# I think he's a troll



## dre43 (Feb 25, 2013)

So how do I deal with this? I have reason to believe that he's posting things online that are false. It's happened in the past and it's starting again. I can't figure out why someone would do such a thing. I think it's cruel to everyone involved. And then part of me thinks what he's posting could be true. Not sure what to believe. Either way he needs help.


----------



## Sammy64 (Oct 28, 2013)

Who ?


----------



## MattMatt (May 19, 2012)

dre43 said:


> So how do I deal with this? I have reason to believe that he's posting things online that are false. It's happened in the past and it's starting again. I can't figure out why someone would do such a thing. I think it's cruel to everyone involved. And then part of me thinks what he's posting could be true. Not sure what to believe. Either way he needs help.


Contact admin, with the report button.
_Posted via Mobile Device_


----------



## MattMatt (May 19, 2012)

_Posted via Mobile Device_


----------



## dre43 (Feb 25, 2013)

I'm talking about my boyfriend. It's not on this site. I found something on another site. I had caught him doing something similar in the past and he said that he wouldn't do it again since he realized how much it hurt me. But, I recently found something else online (that I stumbled across). My heart sank. But, I think it's just him trolling again.


----------



## Thound (Jan 20, 2013)

Oh, ok. Thanks for clearing that up for us.


----------



## rrrbbbttt (Apr 6, 2011)

If he is such an A** why stay with him? 

Show him the door, if he is dishonest now he will be dishonest in the future.


----------



## lifeistooshort (Mar 17, 2013)

How do I make my a$$ of a boyfriend not be an a$$? Well when you figure it out patent it and sell it to the rest of us.
_Posted via Mobile Device_


----------



## ThePheonix (Jan 3, 2013)

dre43 said:


> So how do I deal with this? I have reason to believe that he's posting things online that are false. And then part of me thinks what he's posting could be true. Not sure what to believe. Either way he needs help.

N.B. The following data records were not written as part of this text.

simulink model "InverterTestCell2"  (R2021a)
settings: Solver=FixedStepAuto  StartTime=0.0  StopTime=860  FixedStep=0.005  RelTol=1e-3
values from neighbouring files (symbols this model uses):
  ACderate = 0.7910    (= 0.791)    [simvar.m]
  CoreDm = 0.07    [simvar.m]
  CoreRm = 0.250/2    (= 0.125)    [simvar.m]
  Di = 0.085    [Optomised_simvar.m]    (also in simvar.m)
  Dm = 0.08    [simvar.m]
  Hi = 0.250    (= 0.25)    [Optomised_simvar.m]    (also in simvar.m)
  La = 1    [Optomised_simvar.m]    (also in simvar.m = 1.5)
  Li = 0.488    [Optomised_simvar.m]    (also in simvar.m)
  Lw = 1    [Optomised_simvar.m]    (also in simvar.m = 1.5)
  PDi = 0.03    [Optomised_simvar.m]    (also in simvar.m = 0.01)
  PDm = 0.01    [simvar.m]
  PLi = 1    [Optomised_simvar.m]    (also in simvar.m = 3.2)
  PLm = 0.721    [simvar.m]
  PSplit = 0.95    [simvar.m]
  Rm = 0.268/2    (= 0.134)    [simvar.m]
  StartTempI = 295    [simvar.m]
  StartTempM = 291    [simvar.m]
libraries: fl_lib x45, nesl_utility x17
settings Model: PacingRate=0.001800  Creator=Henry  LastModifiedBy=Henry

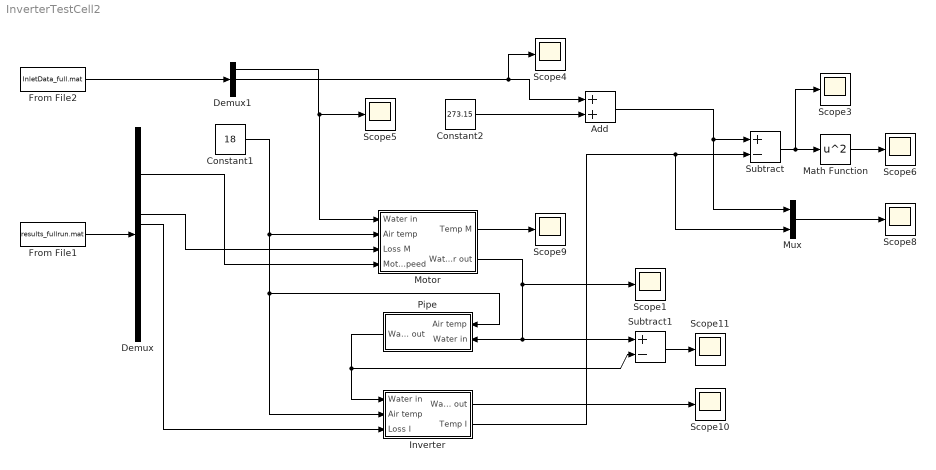
== system InverterTestCell2 ==
  Add : Sum
  Constant1 : Constant  Value=18
  Constant2 : Constant  Value=273.15
  Demux : Demux  Outputs=19
  Demux1 : Demux  Outputs=3
  From File1 : FromFile  FileName=results_fullrun.mat  SampleTime=0
  From File2 : FromFile  FileName=InletData_full.mat  SampleTime=0
  Inverter : Subsystem
  Math Function : Math  Operator=square  SaturateOnIntegerOverflow=on
  Motor : Subsystem
  Mux : Mux  Inputs=2
  Pipe : Subsystem
  Scope{1,3..6,8..11} (9 alike) : Scope
  Subtract : Sum  Inputs=+-
  Subtract1 : Sum  Inputs=+-
  wires:
  From File1/1 -> Demux/1
  Inverter/2(Temp I) -> Mux/2, Subtract/2
  Constant1/1 -> Motor/2(Air temp), Inverter/2(Air temp), Pipe/1(Air temp)
  From File2/1 -> Demux1/1
  Add/1 -> Subtract/1, Mux/1
  Constant2/1 -> Add/2
  Subtract/1 -> Math Function/1, Scope3/1
  Math Function/1 -> Scope6/1
  Mux/1 -> Scope8/1
  Motor/2(Water out) -> Subtract1/1, Pipe/2(Water in), Scope1/1
  Demux/9 -> Inverter/3(Loss I)
  Demux1/1 -> Motor/1(Water in), Scope5/1
  Demux1/2 -> Add/1, Scope4/1
  Demux/4 -> Motor/4(MotorSpeed)
  Demux/8 -> Motor/3(Loss M)
  Motor/1(Temp M) -> Scope9/1
  Inverter/1(Water out) -> Scope10/1
  Pipe/1(Water out) -> Inverter/1(Water in), Subtract1/2
  Subtract1/1 -> Scope11/1

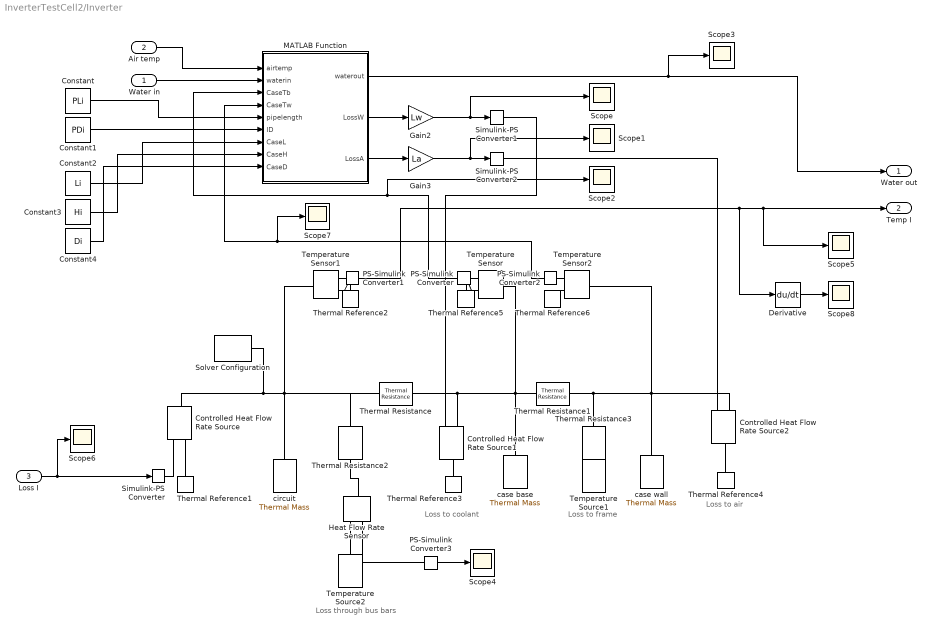
== system InverterTestCell2/Inverter ==
  note: Loss to coolant
  note: Loss to air
  note: Loss through bus
      | bars
  note: Loss to frame
  Water in : Inport
  Air temp : Inport  Port=2
  Loss I : Inport  Port=3
  " case base" : fl_lib/Thermal/Thermal Elements/Thermal Mass  mass=MIbf kg  sp_heat=CpIb J/kg/K  T_specify=on  T_priority=High  T=StartTempI K  T_nominal_specify=off  T_nominal_unit=K  T_nominal_value=1  Q_specify=off  Q_priority=None  Q=0 W  Q_nominal_specify=off  Q_nominal_unit=W  Q_nominal_value=1
  " case wall" : fl_lib/Thermal/Thermal Elements/Thermal Mass  mass=MIbw kg  sp_heat=CpIb J/kg/K  T_specify=on  T_priority=High  T=StartTempI K  T_nominal_specify=off  T_nominal_unit=K  T_nominal_value=1  Q_specify=off  Q_priority=None  Q=0 W  Q_nominal_specify=off  Q_nominal_unit=W  Q_nominal_value=1
  Constant : Constant  Value=PLi
  Constant1 : Constant  Value=PDi
  Constant2 : Constant  Value=Li
  Constant3 : Constant  Value=Hi
  Constant4 : Constant  Value=Di
  Controlled Heat Flow Rate Source : fl_lib/Thermal/Thermal Sources/Controlled Heat Flow Rate Source
  Controlled Heat Flow Rate Source1 : fl_lib/Thermal/Thermal Sources/Controlled Heat Flow Rate Source
  Controlled Heat Flow Rate Source2 : fl_lib/Thermal/Thermal Sources/Controlled Heat Flow Rate Source
  Derivative : Derivative
  Gain2 : Gain  Gain=Lw
  Gain3 : Gain  Gain=La
  Heat Flow Rate Sensor : fl_lib/Thermal/Thermal Sensors/Heat Flow Rate Sensor
      settings: SourceProductBaseCode=SS
  MATLAB Function : MATLAB Function  TreatAsAtomicUnit=on
  PS-Simulink Converter{,1..3} (4 alike) : nesl_utility/PS-Simulink Converter  PhysicalDomain=network_engine_domain  SubClassName=ps_output  LeftPortType=input  RightPortType=output  PseudoPeriodic=off  Frequencies=[]  Unit=inherit  AffineConversion=off
      settings: SourceProductBaseCode=PW,SS
  Scope{,1..8} (9 alike) : Scope
  Simulink-PS Converter : nesl_utility/Simulink-PS Converter  PhysicalDomain=network_engine_domain  SubClassName=ps_input  LeftPortType=input  RightPortType=output  PseudoPeriodic=off  Frequencies=[]  NoiseDistribution=none  NoiseParameters=[]  Unit=1  AffineConversion=off  FilteringAndDerivatives=provide  SimscapeFilterOrder=1  InputFilterTimeConstant=0.001  UdotUserProvided=0
      settings: SourceProductBaseCode=PW,SS
  Simulink-PS Converter1 : nesl_utility/Simulink-PS Converter  PhysicalDomain=network_engine_domain  SubClassName=ps_input  LeftPortType=input  RightPortType=output  PseudoPeriodic=off  Frequencies=[]  NoiseDistribution=none  NoiseParameters=[]  Unit=1  AffineConversion=off  FilteringAndDerivatives=provide  SimscapeFilterOrder=1  InputFilterTimeConstant=0.001  UdotUserProvided=0
      settings: SourceProductBaseCode=PW,SS
  Simulink-PS Converter2 : nesl_utility/Simulink-PS Converter  PhysicalDomain=network_engine_domain  SubClassName=ps_input  LeftPortType=input  RightPortType=output  PseudoPeriodic=off  Frequencies=[]  NoiseDistribution=none  NoiseParameters=[]  Unit=1  AffineConversion=off  FilteringAndDerivatives=provide  SimscapeFilterOrder=1  InputFilterTimeConstant=0.001  UdotUserProvided=0
      settings: SourceProductBaseCode=PW,SS
  Solver Configuration : nesl_utility/Solver Configuration  PhysicalDomain=network_engine_domain  SubClassName=solver  LeftPortType=input  RightPortType=generic  Tones=[]  Harmonics=[]  SimulateNoise=off  Profile=off  UseLocalSampling=off  EnableSwitchedLinearOptims=on  FrequencyDomain=off  UseCCode=off  RelTol=0.001  AbsTol=1e-06  MinStep=1e-09  ToWorkspace=off  RevertToSquareIcSolve=off  NumHomotopyIterations=100  PhasorMode=off  PhasorModeNumHarmonics=1  DoDC=off  ResidualTolerance=1e-09  UseLocalSolver=off  LocalSolverChoice=NE_BACKWARD_EULER_ADVANCER  LocalSolverSampleTime=0.001  DoFixedCost=off  MaxNonlinIter=3  MaxModeIter=2  ComputeImpulses=off  ImpulseIterations=2  LinearAlgebra=auto  EquationFormulation=NE_TIME_EF  DelaysMemoryBudget=2048  AutomaticFiltering=on  FilteringTimeConstant=0.001  PartitionStorageMethod=AS_NEEDED  PartitionMemoryBudget=1024  PartitionMethod=ROBUST
      settings: SourceProductBaseCode=PW,SS
  Temperature Sensor : fl_lib/Thermal/Thermal Sensors/Temperature Sensor
  Temperature Sensor1 : fl_lib/Thermal/Thermal Sensors/Temperature Sensor
  Temperature Sensor2 : fl_lib/Thermal/Thermal Sensors/Temperature Sensor
  Temperature Source1 : fl_lib/Thermal/Thermal Sources/Temperature Source  temperature=293.15 K
  Temperature Source2 : fl_lib/Thermal/Thermal Sources/Temperature Source  temperature=293.15 K
  Thermal Reference{1..6} (6 alike) : fl_lib/Thermal/Thermal Elements/Thermal Reference
  Thermal Resistance : fl_lib/Thermal/Thermal Elements/Thermal Resistance  resistance=Rcb K/W  T_specify=off  T_priority=None  T=0 K  T_nominal_specify=off  T_nominal_unit=K  T_nominal_value=1  Q_specify=off  Q_priority=None  Q=0 W  Q_nominal_specify=off  Q_nominal_unit=W  Q_nominal_value=1
      settings: SourceProductBaseCode=SS
  Thermal Resistance1 : fl_lib/Thermal/Thermal Elements/Thermal Resistance  resistance=Rba K/W  T_specify=off  T_priority=None  T=0 K  T_nominal_specify=off  T_nominal_unit=K  T_nominal_value=1  Q_specify=off  Q_priority=None  Q=0 W  Q_nominal_specify=off  Q_nominal_unit=W  Q_nominal_value=1
      settings: SourceProductBaseCode=SS
  Thermal Resistance2 : fl_lib/Thermal/Thermal Elements/Thermal Resistance  resistance=Rcbb K/W  T_specify=off  T_priority=None  T=0 K  T_nominal_specify=off  T_nominal_unit=K  T_nominal_value=1  Q_specify=off  Q_priority=None  Q=0 W  Q_nominal_specify=off  Q_nominal_unit=W  Q_nominal_value=1
      settings: SourceProductBaseCode=SS
  Thermal Resistance3 : fl_lib/Thermal/Thermal Elements/Thermal Resistance  resistance=Rcf K/W  T_specify=off  T_priority=None  T=0 K  T_nominal_specify=off  T_nominal_unit=K  T_nominal_value=1  Q_specify=off  Q_priority=None  Q=0 W  Q_nominal_specify=off  Q_nominal_unit=W  Q_nominal_value=1
      settings: SourceProductBaseCode=SS
  circuit : fl_lib/Thermal/Thermal Elements/Thermal Mass  mass=MIc kg  sp_heat=CpIc J/kg/K  T_specify=on  T_priority=High  T=StartTempI K  T_nominal_specify=off  T_nominal_unit=K  T_nominal_value=1  Q_specify=off  Q_priority=None  Q=0 W  Q_nominal_specify=off  Q_nominal_unit=W  Q_nominal_value=1
  Water out : Outport  VectorParamsAs1DForOutWhenUnconnected=off
  Temp I : Outport  Port=2  VectorParamsAs1DForOutWhenUnconnected=off
  wires:
  PS-Simulink Converter1/1 -> Temp I/1, Scope5/1, Derivative/1
  Air temp/1 -> MATLAB Function/1(airtemp)
  Water in/1 -> MATLAB Function/2(waterin)
  MATLAB Function/1(waterout) -> Scope3/1, Water out/1
  PS-Simulink Converter/1 -> Scope2/1, MATLAB Function/3(CaseTb)
  MATLAB Function/2(LossW) -> Gain2/1
  MATLAB Function/3(LossA) -> Gain3/1
  Constant/1 -> MATLAB Function/5(pipelength)
  Constant1/1 -> MATLAB Function/6(ID)
  Constant2/1 -> MATLAB Function/7(CaseL)
  Constant3/1 -> MATLAB Function/8(CaseH)
  Constant4/1 -> MATLAB Function/9(CaseD)
  PS-Simulink Converter2/1 -> Scope7/1, MATLAB Function/4(CaseTw)
  Derivative/1 -> Scope8/1
  Loss I/1 -> Simulink-PS Converter/1, Scope6/1
  Gain2/1 -> Scope/1, Simulink-PS Converter1/1
  Gain3/1 -> Scope1/1, Simulink-PS Converter2/1
  PS-Simulink Converter3/1 -> Scope4/1
  connections:
  Thermal Reference3/LConn1 -- Controlled Heat Flow Rate Source1/LConn1
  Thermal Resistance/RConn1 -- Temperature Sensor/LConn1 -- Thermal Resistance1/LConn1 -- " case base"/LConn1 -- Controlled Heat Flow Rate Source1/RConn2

Lets see, you have reason to believe what he's posting is false. But it could be true. So you don't really know whether its true or false. And he needs help?
Are you sure you're not P/O'd because he's spending time on the computer?


----------



## MoonBay (Mar 10, 2013)

What is he posting?


----------



## dre43 (Feb 25, 2013)

This is exactly what he posted:

Got my coworker pregnant...? 
OK, so this may be a little hard to follow. My coworker is married, she and her husband have a daughter and have been trying to have another baby for a while, but haven't been able to get pregnant. I already am the father of daughters. One night after work we went out for drinks, got pretty toasted and ended up having sex. Now she is pregnant, with a boy. She doesn't want to have a paternity test to find out if it's mine or his, but if it could be mine I would love to have a son finally. I am absolutely torn about what I should do. She doesn't want to tell her husband what happened because she doesn't want her marriage to end.


Yes, he's on the computer a lot... but I am too at times. There's a lot that we need to work on. I'm not PO'd that he's on the computer. I'm hurt by what he wrote. Maybe I'm in denial. I know I need to ask if it's true. I know his co-worker is pregnant. She's due in October. I know he's attracted to her too. I just need to sit him down and have him tell me the truth. I'm just trying to figure out how to go about doing it. I just saw the post a couple of days ago. The reason I thought he may have been trolling (also because I don't want to believe that it could be true) is because last year I caught him talking to TS escorts and he said that he just wanted to see what kind of responses he would get. And I have no real proof that he did anything with anyone. I know.... you're all going to say I'm the one not seeing what's right in front of me. I've read a lot on this site. And read what signs there are. It's just hard when it's happening to you. I just thought we were past this.


----------



## EleGirl (Dec 3, 2011)

So you got in a relationship with a man. He is posting here that he got some co-worker pregnant. If this is true he obviously cheated on you.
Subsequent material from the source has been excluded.